WHAT IS EXPECTED » Pull every line with "paths" from the data below and copy it.

── GIVEN RECORDS ──

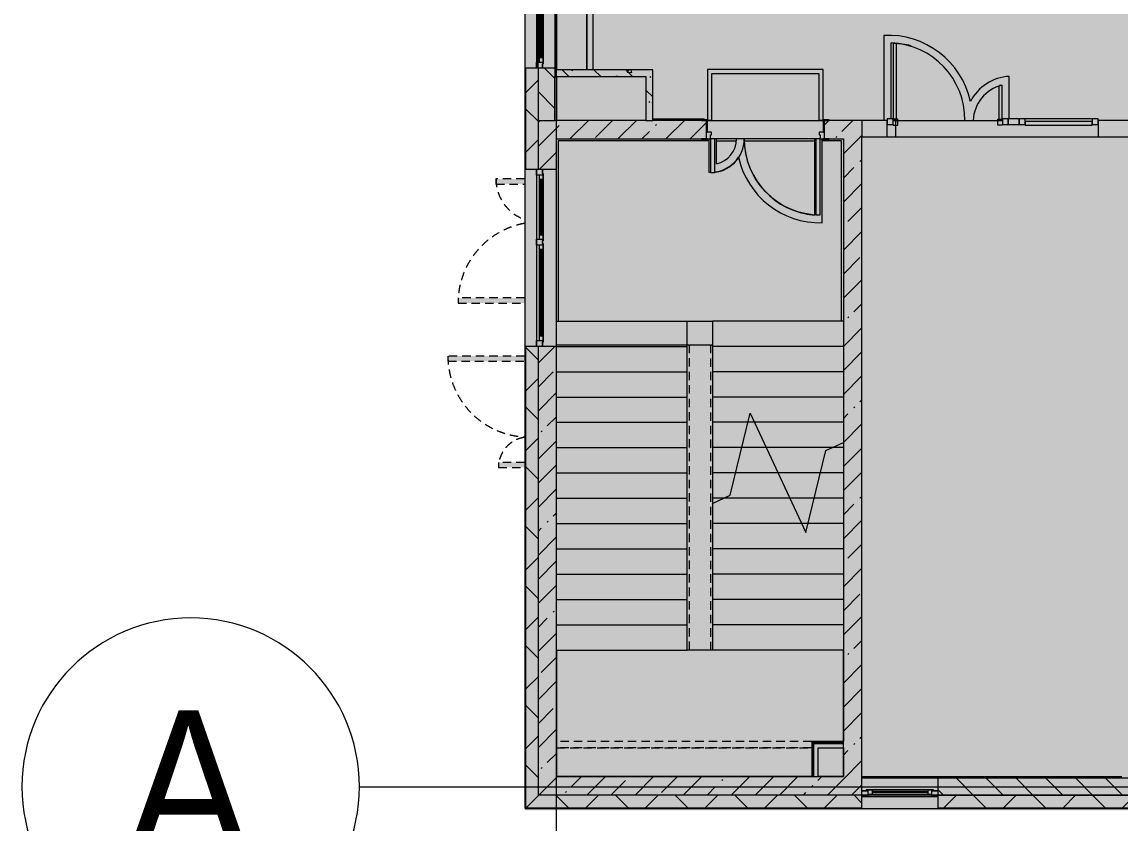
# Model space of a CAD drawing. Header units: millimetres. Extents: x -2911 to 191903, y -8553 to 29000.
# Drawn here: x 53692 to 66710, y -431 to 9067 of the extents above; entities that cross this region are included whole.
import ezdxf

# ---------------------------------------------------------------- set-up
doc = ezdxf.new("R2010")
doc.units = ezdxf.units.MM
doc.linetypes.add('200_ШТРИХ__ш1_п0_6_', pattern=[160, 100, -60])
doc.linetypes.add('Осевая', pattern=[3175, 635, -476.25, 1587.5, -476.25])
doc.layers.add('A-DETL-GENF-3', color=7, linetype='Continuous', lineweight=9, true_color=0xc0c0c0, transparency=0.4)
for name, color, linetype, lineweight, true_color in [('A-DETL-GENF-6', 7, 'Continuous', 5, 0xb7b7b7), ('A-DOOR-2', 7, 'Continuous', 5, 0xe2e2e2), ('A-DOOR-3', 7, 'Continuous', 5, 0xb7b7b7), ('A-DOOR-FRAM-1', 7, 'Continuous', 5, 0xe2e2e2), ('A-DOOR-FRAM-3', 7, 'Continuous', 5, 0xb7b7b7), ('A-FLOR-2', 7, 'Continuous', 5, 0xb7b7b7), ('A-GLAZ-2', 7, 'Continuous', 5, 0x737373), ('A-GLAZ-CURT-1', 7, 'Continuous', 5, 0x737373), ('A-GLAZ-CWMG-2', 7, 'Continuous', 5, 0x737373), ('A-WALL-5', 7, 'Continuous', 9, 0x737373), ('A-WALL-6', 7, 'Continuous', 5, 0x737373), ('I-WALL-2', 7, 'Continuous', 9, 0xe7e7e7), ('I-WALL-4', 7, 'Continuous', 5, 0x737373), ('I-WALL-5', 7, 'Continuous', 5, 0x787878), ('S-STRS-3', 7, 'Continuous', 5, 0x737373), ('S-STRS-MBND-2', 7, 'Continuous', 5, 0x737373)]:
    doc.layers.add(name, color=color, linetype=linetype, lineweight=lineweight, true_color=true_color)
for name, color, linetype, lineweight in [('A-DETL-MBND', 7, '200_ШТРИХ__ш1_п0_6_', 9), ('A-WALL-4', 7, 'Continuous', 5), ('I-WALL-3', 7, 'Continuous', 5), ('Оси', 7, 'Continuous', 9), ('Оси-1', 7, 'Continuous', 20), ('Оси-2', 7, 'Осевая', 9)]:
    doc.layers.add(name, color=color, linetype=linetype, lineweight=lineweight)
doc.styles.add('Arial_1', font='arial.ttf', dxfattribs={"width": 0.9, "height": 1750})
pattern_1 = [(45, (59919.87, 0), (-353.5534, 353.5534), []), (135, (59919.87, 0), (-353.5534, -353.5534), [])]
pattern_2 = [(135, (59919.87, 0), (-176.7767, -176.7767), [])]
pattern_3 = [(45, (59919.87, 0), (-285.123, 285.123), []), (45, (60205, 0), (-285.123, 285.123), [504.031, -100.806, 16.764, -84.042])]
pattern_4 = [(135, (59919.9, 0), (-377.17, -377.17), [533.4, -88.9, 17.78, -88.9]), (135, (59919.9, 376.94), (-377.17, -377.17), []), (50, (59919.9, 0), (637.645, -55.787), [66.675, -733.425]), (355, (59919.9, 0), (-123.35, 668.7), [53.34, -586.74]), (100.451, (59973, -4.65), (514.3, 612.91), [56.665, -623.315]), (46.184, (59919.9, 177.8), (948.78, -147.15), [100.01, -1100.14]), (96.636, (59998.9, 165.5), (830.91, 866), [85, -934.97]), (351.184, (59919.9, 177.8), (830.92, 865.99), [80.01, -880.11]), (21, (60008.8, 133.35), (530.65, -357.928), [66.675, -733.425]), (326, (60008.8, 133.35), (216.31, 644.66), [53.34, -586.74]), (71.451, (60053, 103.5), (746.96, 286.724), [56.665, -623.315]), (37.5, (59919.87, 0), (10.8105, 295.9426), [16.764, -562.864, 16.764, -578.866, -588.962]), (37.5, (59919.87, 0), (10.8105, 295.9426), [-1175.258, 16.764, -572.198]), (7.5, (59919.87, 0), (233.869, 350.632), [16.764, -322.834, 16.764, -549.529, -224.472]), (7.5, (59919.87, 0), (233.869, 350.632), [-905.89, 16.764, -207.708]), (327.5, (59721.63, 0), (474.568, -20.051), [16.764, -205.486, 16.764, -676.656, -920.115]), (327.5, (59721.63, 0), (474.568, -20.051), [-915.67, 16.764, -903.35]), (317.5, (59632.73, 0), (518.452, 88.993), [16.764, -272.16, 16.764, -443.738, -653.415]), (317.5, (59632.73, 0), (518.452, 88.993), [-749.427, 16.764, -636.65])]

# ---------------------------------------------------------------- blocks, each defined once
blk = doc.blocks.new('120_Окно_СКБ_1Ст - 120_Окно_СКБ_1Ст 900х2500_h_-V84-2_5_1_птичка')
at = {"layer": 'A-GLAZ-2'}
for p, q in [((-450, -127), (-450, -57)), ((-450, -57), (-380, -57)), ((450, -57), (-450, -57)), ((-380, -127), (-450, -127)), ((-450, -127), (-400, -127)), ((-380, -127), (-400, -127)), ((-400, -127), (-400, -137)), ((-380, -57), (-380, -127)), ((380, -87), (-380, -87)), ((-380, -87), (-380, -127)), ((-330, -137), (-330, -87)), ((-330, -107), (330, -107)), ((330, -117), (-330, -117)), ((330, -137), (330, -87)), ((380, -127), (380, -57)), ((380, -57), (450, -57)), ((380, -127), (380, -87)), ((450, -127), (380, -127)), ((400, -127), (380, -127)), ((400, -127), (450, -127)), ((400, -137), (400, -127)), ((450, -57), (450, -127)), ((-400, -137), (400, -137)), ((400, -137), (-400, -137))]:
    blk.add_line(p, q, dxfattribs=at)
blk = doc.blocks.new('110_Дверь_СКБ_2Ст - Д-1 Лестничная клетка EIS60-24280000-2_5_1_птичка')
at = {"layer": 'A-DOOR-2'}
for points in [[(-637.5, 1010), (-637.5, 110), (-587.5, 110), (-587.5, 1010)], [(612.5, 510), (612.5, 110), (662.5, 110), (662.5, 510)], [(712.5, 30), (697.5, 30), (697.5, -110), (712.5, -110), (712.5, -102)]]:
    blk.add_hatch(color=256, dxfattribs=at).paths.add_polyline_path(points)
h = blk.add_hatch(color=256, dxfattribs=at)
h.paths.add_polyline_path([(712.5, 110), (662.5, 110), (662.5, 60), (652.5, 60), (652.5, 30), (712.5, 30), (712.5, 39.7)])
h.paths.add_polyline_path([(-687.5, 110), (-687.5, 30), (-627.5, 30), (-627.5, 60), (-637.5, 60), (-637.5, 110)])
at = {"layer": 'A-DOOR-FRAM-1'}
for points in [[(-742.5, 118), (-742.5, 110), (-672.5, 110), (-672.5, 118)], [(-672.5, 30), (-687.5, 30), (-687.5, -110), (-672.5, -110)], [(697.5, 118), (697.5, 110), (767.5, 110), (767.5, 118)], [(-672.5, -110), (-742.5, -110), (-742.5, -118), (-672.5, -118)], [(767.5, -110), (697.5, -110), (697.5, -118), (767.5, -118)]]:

───

PROBLEM SOLUTION »
    blk.add_hatch(color=256, dxfattribs=at).paths.add_polyline_path(points)
h.paths.add_polyline_path([(712.5, 110), (662.5, 110), (662.5, 60), (652.5, 60), (652.5, 30), (712.5, 30), (712.5, 39.7)])
h.paths.add_polyline_path([(-687.5, 110), (-687.5, 30), (-627.5, 30), (-627.5, 60), (-637.5, 60), (-637.5, 110)])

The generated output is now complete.